You can't access columns defined in the select statement in the where statement, because they're not generated until after the where has executed.
You can do this however
select InitialSave from
(SELECT DATEDIFF(ss, BegTime, EndTime) AS InitialSave
FROM MyTable) aTable
WHERE InitialSave <= 10
As a sidenote - this essentially moves the DATEDIFF into the where statement in terms of where it's first defined. Using functions on columns in where statements causes indexes to not be used as efficiently and should be avoided if possible, however if you've got to use datediff then you've got to do it!

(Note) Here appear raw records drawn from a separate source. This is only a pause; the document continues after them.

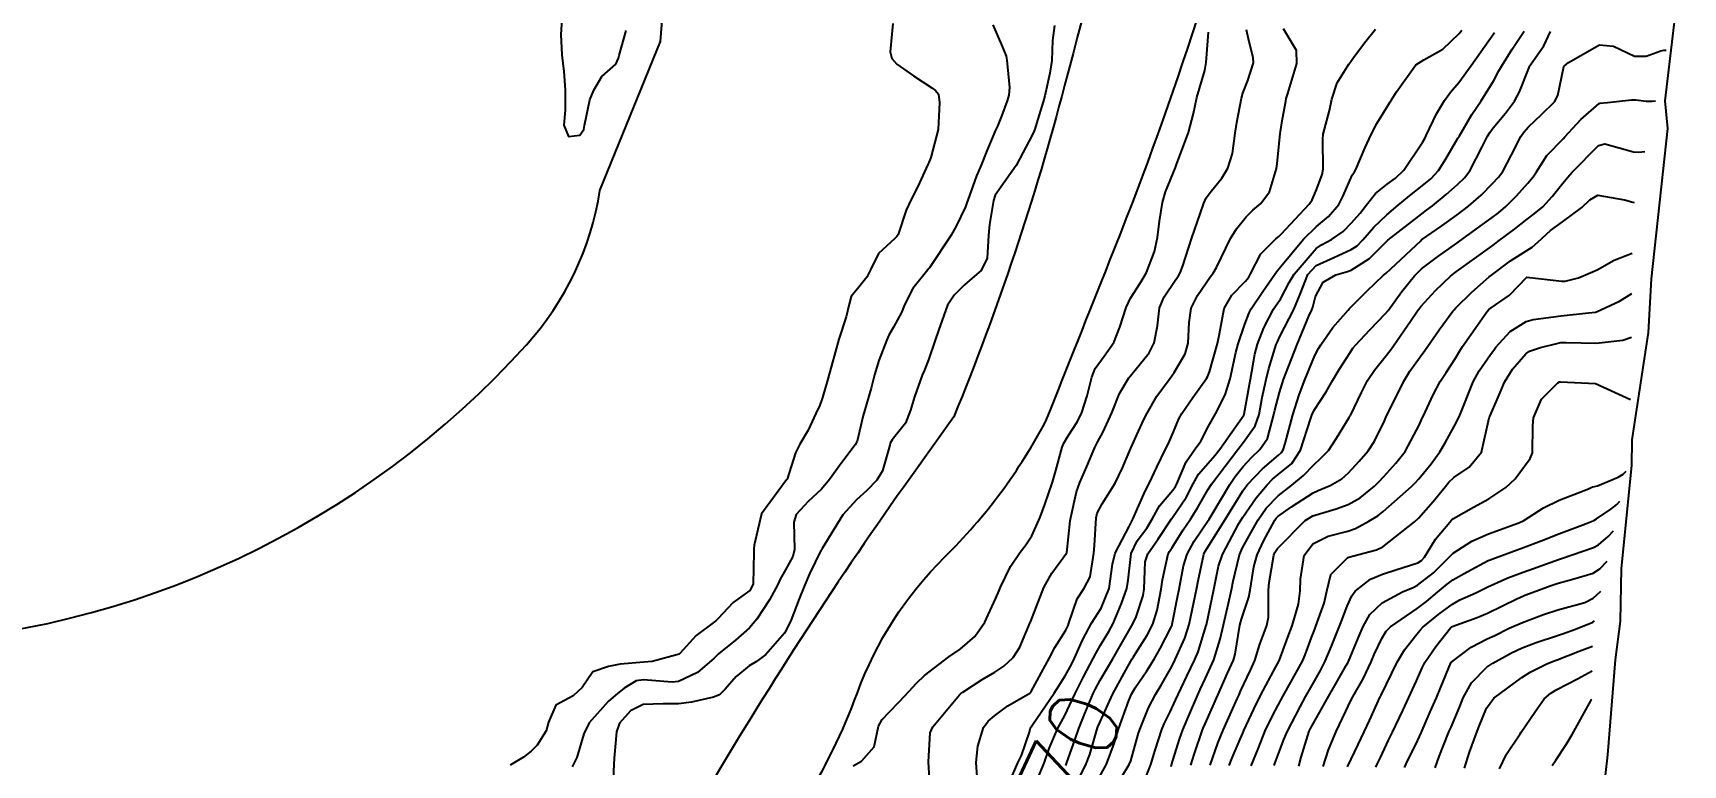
# Model space of a CAD drawing. Header units: metres. Extents: x 298520 to 308411, y 7433745 to 7450750.
# Drawn here: x 300555.4 to 300649.3, y 7446230 to 7446271.7 of the extents above; entities that cross this region are included whole.
import ezdxf
from ezdxf.enums import TextEntityAlignment as Align

# ---------------------------------------------------------------- set-up
doc = ezdxf.new("R2010")
doc.units = ezdxf.units.M
doc.header["$LTSCALE"] = 10
for name, color, linetype in [('Area', 45, 'Continuous'), ('Area Verde e Lazer', 94, 'Continuous'), ('Cotas', 45, 'Continuous'), ('Curvas de Nivel 1m', 11, 'Continuous'), ('Curvas de Nivel 5m', 15, 'Continuous'), ('Hidrografia', 140, 'Continuous')]:
    doc.layers.add(name, color=color, linetype=linetype)
doc.styles.add('Style-STANDARD', font='STANDARD.shx')

msp = doc.modelspace()

# ---------------------------------------------------------------- linework, layer by layer
at = {"layer": 'Area'}
msp.add_polyline3d([(300649.313, 7446276.627, 682.743), (300648.284, 7446267.797, 691.594), (300648.434, 7446266.226, 683.844), (300647.491, 7446257.668, 685.203), (300647.338, 7446254.623, 684.263), (300646.402, 7446248.505, 696.563), (300646.378, 7446247.045, 685.903), (300645.8, 7446241.181, 687.814), (300645.739, 7446238.191, 689.974), (300645.446, 7446235.977, 693.133), (300645.007, 7446230.569, 699.553), (300644.215, 7446223.512, 697.082)], dxfattribs=at)
at = {"layer": 'Area Verde e Lazer'}
msp.add_lwpolyline([(300587.648, 7446262.703), (300591.103, 7446271.172), (300598.932, 7446368.549, 0.107982), (300598.479, 7446382.79, 0.030285), (300595.032, 7446393.646, 0.129096), (300585.579, 7446406.754, 0.00851), (300576.753, 7446413.778, 0.144429), (300563.28, 7446418.978), (300519.273, 7446422.57), (300496.762, 7446424.195), (300493.892, 7446385.689), (300484.654, 7446274.712), (300482.999, 7446253.433), (300508.989, 7446251.144, -0.167668), (300509.747, 7446250.805, 0.419535), (300583.464, 7446253.912, 0.146064)], format="xyb", close=True, dxfattribs=at)
at = {"layer": 'Curvas de Nivel 1m', "flags": 128}
for points, elevation in [([(300585.471, 7446272.427), (300585.429, 7446271.569), (300585.481, 7446270.426), (300585.592, 7446269.473), (300585.674, 7446268.423), (300585.667, 7446267.272), (300585.603, 7446266.424), (300585.854, 7446265.777), (300586.497, 7446265.843), (300586.73, 7446266.179), (300586.78, 7446266.407), (300587.075, 7446267.854), (300587.3, 7446268.402), (300587.755, 7446269.184), (300588.548, 7446269.89), (300588.715, 7446270.224), (300588.753, 7446270.388), (300589.146, 7446271.813)], 667), ([(300604.319, 7446272.203), (300604.176, 7446270.585), (300604.259, 7446270.203), (300604.55, 7446269.89), (300605.508, 7446269.226), (300606.537, 7446268.547), (300606.75, 7446268.392), (300606.922, 7446268.174), (300606.99, 7446267.709), (300606.909, 7446266.174), (300606.487, 7446264.571), (300606.372, 7446264.293), (300606.322, 7446264.182), (300605.74, 7446262.918), (300605.36, 7446262.191), (300605.077, 7446261.571), (300604.62, 7446260.198), (300604.551, 7446260.08), (300604.431, 7446259.966), (300603.514, 7446259.117), (300603.071, 7446258.213), (300602.852, 7446257.77), (300602.398, 7446257.201), (300601.959, 7446256.656), (300601.831, 7446256.228), (300601.66, 7446255.515), (300601.257, 7446254.237), (300600.828, 7446252.723), (300600.695, 7446252.245), (300600.618, 7446251.966), (300600.323, 7446250.912), (300600.143, 7446250.424), (300600.064, 7446250.252), (300599.508, 7446249.051), (300599.038, 7446248.263), (300598.778, 7446247.772), (300598.302, 7446246.27), (300598.287, 7446246.245), (300598.262, 7446246.224), (300596.856, 7446244.291), (300596.433, 7446242.505), (300596.418, 7446242.297), (300596.408, 7446242.11), (300596.379, 7446240.297), (300596.189, 7446239.925), (300595.237, 7446239.255), (300594.366, 7446238.318), (300594.271, 7446238.22), (300594.171, 7446238.148), (300593.129, 7446237.365), (300592.192, 7446236.34), (300592.173, 7446236.32), (300592.152, 7446236.311), (300590.625, 7446235.884), (300590.145, 7446235.85), (300588.793, 7446235.734), (300588.141, 7446235.607), (300587.236, 7446235.304), (300586.642, 7446234.412), (300586.118, 7446233.933), (300585.131, 7446233.411), (300584.726, 7446232.434), (300584.593, 7446231.938), (300584.083, 7446231.13), (300583.732, 7446230.79), (300583.304, 7446230.448), (300582.537, 7446229.987)], 667), ([(300610.025, 7446272.135), (300610.56, 7446270.864), (300610.776, 7446270.347), (300610.825, 7446270.126), (300610.97, 7446268.556), (300610.928, 7446268.124), (300610.843, 7446267.811), (300610.515, 7446266.932), (300610.28, 7446266.359), (300610.179, 7446266.133), (300609.676, 7446264.953), (300609.347, 7446264.141), (300609.089, 7446263.532), (300608.587, 7446262.149), (300608.561, 7446262.05), (300608.457, 7446261.772), (300607.93, 7446260.669), (300607.652, 7446260.162), (300606.414, 7446258.299), (300606.361, 7446258.233), (300606.316, 7446258.181), (300605.465, 7446257.121), (300604.99, 7446256.194), (300604.816, 7446255.758), (300604.37, 7446254.925), (300604.1, 7446254.468), (300603.976, 7446254.204), (300603.533, 7446253.027), (300603.285, 7446252.211), (300603.089, 7446251.455), (300602.738, 7446250.216), (300602.642, 7446249.884), (300602.295, 7446248.436), (300602.19, 7446248.222), (300601.362, 7446247.148), (300600.726, 7446246.243), (300600.257, 7446245.698), (300599.503, 7446245.005), (300598.82, 7446244.264), (300598.687, 7446243.817), (300598.719, 7446242.265), (300598.625, 7446241.858), (300598.205, 7446241.108), (300597.905, 7446240.567), (300597.769, 7446240.276), (300597.307, 7446239.406), (300596.586, 7446238.294), (300596.168, 7446237.806), (300595.362, 7446237.107), (300594.396, 7446236.318), (300594.269, 7446236.201), (300594.149, 7446236.075), (300593.207, 7446235.259), (300592.129, 7446234.743), (300591.764, 7446234.71), (300590.13, 7446234.853), (300589.707, 7446234.797), (300589.038, 7446234.381), (300588.532, 7446233.973), (300588.115, 7446233.613), (300587.035, 7446232.406), (300586.731, 7446231.773), (300586.335, 7446230.416), (300586.068, 7446229.9)], 666), ([(300606.455, 7446228.572), (300606.362, 7446230.176), (300606.445, 7446231.827), (300606.595, 7446232.173), (300608.121, 7446233.984), (300608.204, 7446234.067), (300608.314, 7446234.148), (300609.41, 7446234.858), (300610.134, 7446235.285), (300610.645, 7446235.618), (300611.177, 7446236.12), (300611.555, 7446236.712), (300612.146, 7446238.11), (300612.154, 7446238.13), (300612.174, 7446238.183), (300612.929, 7446240.099), (300613.383, 7446240.915), (300614.222, 7446242.051), (300614.237, 7446242.066), (300614.43, 7446243.889), (300614.456, 7446244.078), (300614.79, 7446245.543), (300614.981, 7446246.073), (300615.364, 7446246.982), (300615.823, 7446248.065), (300615.983, 7446248.377), (300616.302, 7446248.968), (300616.793, 7446250.053), (300617.231, 7446251.144), (300617.757, 7446252.039), (300618.35, 7446252.753), (300618.915, 7446253.466), (300619.211, 7446254.022), (300619.393, 7446254.999), (300619.513, 7446256.019), (300619.771, 7446256.638), (300620.406, 7446257.572), (300620.584, 7446257.834), (300620.683, 7446258.007), (300620.834, 7446258.42), (300621.34, 7446259.996), (300621.819, 7446261.362), (300622.025, 7446261.986), (300622.163, 7446262.279), (300622.463, 7446262.679), (300623.052, 7446263.397), (300623.402, 7446263.971), (300623.656, 7446264.804), (300623.825, 7446265.967), (300623.913, 7446266.565), (300624.167, 7446267.964), (300624.251, 7446268.247), (300624.543, 7446268.969), (300624.855, 7446269.957), (300624.841, 7446270.243), (300624.567, 7446271.341), (300624.454, 7446271.843)], 666), ([(300609.142, 7446229.06), (300609.062, 7446230.14), (300609.156, 7446231.071), (300609.484, 7446232.136), (300609.751, 7446232.489), (300610.11, 7446232.801), (300610.872, 7446233.365), (300612.123, 7446234.082), (300612.15, 7446234.11), (300612.198, 7446234.183), (300613.241, 7446236.094), (300613.555, 7446236.686), (300614.167, 7446237.675), (300614.307, 7446237.942), (300614.355, 7446238.078), (300614.813, 7446239.448), (300615.214, 7446240.07), (300615.555, 7446240.714), (300615.771, 7446242.065), (300615.8, 7446242.492), (300615.903, 7446244.063), (300615.968, 7446244.34), (300616.251, 7446244.867), (300616.984, 7446246.049), (300617.407, 7446246.912), (300617.868, 7446248.036), (300618.303, 7446248.992), (300618.64, 7446249.696), (300618.801, 7446250.025), (300619.362, 7446250.985), (300620.11, 7446252.012), (300620.211, 7446252.144), (300620.346, 7446252.347), (300620.961, 7446253.4), (300621.146, 7446254.002), (300621.19, 7446255.187), (300621.305, 7446256.001), (300621.666, 7446256.725), (300622.41, 7446257.796), (300622.495, 7446257.905), (300622.56, 7446257.988), (300622.744, 7446258.313), (300623.546, 7446259.969), (300623.885, 7446260.519), (300624.445, 7446261.203), (300624.826, 7446261.579), (300625.268, 7446261.952), (300625.779, 7446262.631), (300626.162, 7446263.943), (300626.203, 7446264.226), (300626.378, 7446265.941), (300626.393, 7446266.053), (300626.516, 7446266.78), (300626.691, 7446267.777), (300626.727, 7446267.937), (300626.81, 7446268.211), (300627.329, 7446269.928), (300627.301, 7446270.67), (300626.572, 7446271.893)], 667), ([(300611.023, 7446229.161), (300611.449, 7446230.116), (300611.656, 7446230.538), (300612.099, 7446231.873), (300612.149, 7446232.063), (300612.165, 7446232.109), (300612.275, 7446232.278), (300613.505, 7446234.089), (300614.133, 7446235.073), (300614.494, 7446235.722), (300614.66, 7446236.075), (300615.131, 7446237.098), (300615.645, 7446238.065), (300615.842, 7446238.397), (300616.182, 7446238.934), (300616.637, 7446240.053), (300616.833, 7446241.431), (300616.99, 7446242.048), (300617.783, 7446243.581), (300618.017, 7446244.033), (300618.249, 7446244.595), (300618.696, 7446245.589), (300618.914, 7446246.023), (300619.352, 7446246.944), (300619.877, 7446248.014), (300620.015, 7446248.293), (300620.302, 7446248.966), (300620.612, 7446249.705), (300620.773, 7446250.005), (300621.404, 7446250.922), (300622.193, 7446251.992), (300622.25, 7446252.085), (300622.347, 7446252.371), (300622.805, 7446253.983), (300622.923, 7446254.536), (300623.181, 7446255.978), (300623.623, 7446256.743), (300624.407, 7446257.543), (300624.595, 7446257.773), (300624.695, 7446257.957), (300625.286, 7446259.09), (300626.126, 7446259.943), (300626.296, 7446260.08), (300626.436, 7446260.211), (300628.038, 7446261.916), (300628.207, 7446262.163), (300628.466, 7446262.788), (300628.769, 7446263.617), (300628.819, 7446263.907), (300628.799, 7446265.608), (300628.828, 7446265.907), (300629.179, 7446267.247), (300629.317, 7446267.902), (300629.617, 7446268.825), (300630.294, 7446269.893), (300630.404, 7446270.042), (300630.557, 7446270.263), (300631.246, 7446271.204), (300631.814, 7446271.878)], 668), ([(300612.143, 7446228.198), (300612.936, 7446230.097), (300613.233, 7446230.945), (300613.719, 7446232.086), (300614.11, 7446232.825), (300614.521, 7446233.674), (300614.702, 7446234.074), (300615.18, 7446235.022), (300615.726, 7446236.064), (300615.874, 7446236.336), (300616.154, 7446236.814), (300616.628, 7446237.591), (300616.864, 7446238.05), (300617.338, 7446239.196), (300617.644, 7446240.038), (300617.72, 7446240.518), (300617.892, 7446242.035), (300618.23, 7446242.759), (300618.784, 7446243.478), (300619.106, 7446244.021), (300619.511, 7446244.757), (300620.259, 7446245.645), (300620.42, 7446245.849), (300620.493, 7446246.008), (300621.024, 7446247.26), (300621.542, 7446247.998), (300621.854, 7446248.438), (300622.306, 7446249.291), (300622.692, 7446249.984), (300623.244, 7446251.062), (300623.534, 7446251.972), (300623.863, 7446253.472), (300623.995, 7446253.966), (300624.374, 7446255.088), (300624.607, 7446255.731), (300624.72, 7446255.957), (300625.39, 7446256.958), (300626.079, 7446257.943), (300626.22, 7446258.137), (300626.417, 7446258.379), (300627.715, 7446259.921), (300628.44, 7446260.642), (300629.122, 7446261.227), (300629.712, 7446261.897), (300629.969, 7446262.386), (300630.478, 7446263.578), (300630.602, 7446263.768), (300630.685, 7446263.888), (300631.223, 7446265.155), (300631.552, 7446265.88), (300631.884, 7446266.504), (300632.528, 7446267.549), (300632.646, 7446267.753), (300632.71, 7446267.867), (300632.992, 7446268.318), (300634.102, 7446269.847), (300634.556, 7446270.14), (300635.641, 7446270.75), (300636.571, 7446271.631), (300636.717, 7446271.818)], 669), ([(300614.92, 7446229.216), (300615.341, 7446230.067), (300615.55, 7446230.596), (300615.963, 7446232.061), (300615.998, 7446232.167), (300616.107, 7446232.427), (300616.851, 7446234.049), (300617.698, 7446235.596), (300617.953, 7446236.033), (300618.025, 7446236.152), (300618.148, 7446236.346), (300618.802, 7446237.385), (300619.12, 7446238.021), (300619.378, 7446238.821), (300619.6, 7446240.016), (300619.672, 7446240.544), (300620.009, 7446242.012), (300620.081, 7446242.155), (300620.227, 7446242.371), (300620.854, 7446243.386), (300621.269, 7446244), (300621.654, 7446244.591), (300622.26, 7446245.664), (300622.462, 7446245.987), (300623.24, 7446247.014), (300623.968, 7446247.965), (300624.297, 7446248.369), (300624.957, 7446249.303), (300625.178, 7446249.951), (300625.362, 7446250.915), (300625.578, 7446251.948), (300625.73, 7446252.566), (300626.159, 7446253.942), (300626.218, 7446254.088), (300626.367, 7446254.389), (300627.149, 7446255.929), (300627.519, 7446256.8), (300627.96, 7446257.917), (300628.418, 7446258.433), (300629.429, 7446258.894), (300630.427, 7446259.333), (300630.764, 7446259.552), (300631.087, 7446259.883), (300631.712, 7446260.606), (300632.447, 7446261.309), (300633.094, 7446261.86), (300633.842, 7446262.47), (300634.47, 7446262.96), (300634.957, 7446263.354), (300635.394, 7446263.831), (300635.819, 7446264.498), (300636.501, 7446265.672), (300636.586, 7446265.819), (300637.299, 7446267.031), (300637.812, 7446267.801), (300638.545, 7446268.96), (300638.834, 7446269.503), (300638.989, 7446269.786), (300639.59, 7446270.752), (300640.279, 7446271.773)], 671), ([(300616.065, 7446229.29), (300616.484, 7446230.054), (300616.92, 7446231.218), (300617.179, 7446232.044), (300617.76, 7446233.676), (300617.915, 7446234.033), (300618.126, 7446234.385), (300618.792, 7446235.368), (300619.202, 7446236.019), (300619.547, 7446236.621), (300620.17, 7446237.847), (300620.224, 7446237.958), (300620.237, 7446238.009), (300620.549, 7446239.647), (300620.618, 7446240.006), (300620.881, 7446241.335), (300621.081, 7446242.001), (300621.481, 7446242.747), (300622.242, 7446243.863), (300622.326, 7446243.989), (300622.441, 7446244.183), (300623.503, 7446245.971), (300623.819, 7446246.418), (300624.278, 7446246.998), (300624.742, 7446247.5), (300625.225, 7446247.951), (300625.656, 7446248.589), (300626.018, 7446249.943), (300626.07, 7446250.189), (300626.332, 7446251.196), (300626.568, 7446251.937), (300626.702, 7446252.291), (300627.351, 7446253.925), (300628.007, 7446255.543), (300628.178, 7446255.913), (300628.232, 7446256.065), (300628.394, 7446256.665), (300628.83, 7446257.482), (300629.55, 7446257.899), (300630.215, 7446258.092), (300630.416, 7446258.165), (300631.47, 7446258.832), (300632.432, 7446259.791), (300632.514, 7446259.869), (300634.448, 7446261.374), (300634.714, 7446261.573), (300635.056, 7446261.834), (300635.823, 7446262.466), (300636.471, 7446263.044), (300636.872, 7446263.419), (300637.182, 7446263.81), (300637.879, 7446265.182), (300638.185, 7446265.795), (300638.306, 7446265.993), (300638.51, 7446266.26), (300639.205, 7446267.101), (300639.716, 7446267.778), (300640.005, 7446268.308), (300640.552, 7446269.708), (300640.568, 7446269.754), (300640.581, 7446269.77), (300641.386, 7446270.941), (300641.777, 7446271.758)], 672), ([(300617.34, 7446229.315), (300617.782, 7446230.034), (300617.872, 7446230.237), (300618.087, 7446230.995), (300618.321, 7446231.806), (300618.391, 7446232.027), (300618.882, 7446233.256), (300619.286, 7446234.018), (300619.606, 7446234.538), (300620.138, 7446235.477), (300620.316, 7446235.833), (300620.4, 7446236.007), (300620.944, 7446237.22), (300621.189, 7446238), (300621.368, 7446238.811), (300621.613, 7446239.996), (300621.71, 7446240.486), (300622.028, 7446241.992), (300622.088, 7446242.127), (300622.226, 7446242.343), (300623.242, 7446243.975), (300624.259, 7446245.61), (300624.404, 7446245.816), (300624.516, 7446245.957), (300625.369, 7446246.857), (300626.288, 7446247.64), (300626.449, 7446247.779), (300626.551, 7446247.936), (300626.665, 7446248.303), (300627.097, 7446249.928), (300627.466, 7446251.064), (300627.783, 7446251.918), (300628.354, 7446253.309), (300628.562, 7446253.706), (300628.688, 7446253.907), (300629.381, 7446254.892), (300630.247, 7446255.891), (300630.315, 7446255.96), (300630.385, 7446256.033), (300631.313, 7446256.967), (300632.255, 7446257.872), (300632.342, 7446257.942), (300632.414, 7446258), (300634.378, 7446259.841), (300634.433, 7446259.883), (300635.589, 7446260.681), (300636.448, 7446261.32), (300637.091, 7446261.81), (300637.825, 7446262.437), (300638.472, 7446263.095), (300638.809, 7446263.456), (300639.048, 7446263.784), (300639.542, 7446264.73), (300640.077, 7446265.774), (300640.251, 7446266.028), (300640.511, 7446266.316), (300641.264, 7446267.021), (300641.99, 7446267.755), (300642.18, 7446268.11), (300642.537, 7446269.75), (300642.553, 7446269.782), (300642.794, 7446269.985), (300644.566, 7446270.988), (300645.354, 7446270.923), (300646.559, 7446270.336), (300647.217, 7446270.347), (300648.048, 7446270.648), (300648.23, 7446270.68), (300648.314, 7446270.684), (300648.363, 7446270.69)], 673), ([(300618.748, 7446229.341), (300619.011, 7446230.021), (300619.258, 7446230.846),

beyond making it "work", you need to use an index
use a computed column with an index, or a view with an index, otherwise you will table scan. when you get enough rows, you will feel the PAIN of the slow scan!
computed column & index:
ALTER TABLE MyTable ADD
ComputedDate AS DATEDIFF(ss,BegTime, EndTime)
GO
CREATE NONCLUSTERED INDEX IX_MyTable_ComputedDate ON MyTable
(
ComputedDate
) WITH( STATISTICS_NORECOMPUTE = OFF, IGNORE_DUP_KEY = OFF, ALLOW_ROW_LOCKS = ON, ALLOW_PAGE_LOCKS = ON) ON [PRIMARY]
GO
create a view & index:
CREATE VIEW YourNewView
AS
SELECT
KeyValues
,DATEDIFF(ss, BegTime, EndTime) AS InitialSave
FROM MyTable
GO
CREATE CLUSTERED INDEX IX_YourNewView
ON YourNewView(InitialSave)
GO
You have to use the function instead of the column alias - it is the same with count(*), etc. PITA.
As an alternate, you can use computed columns.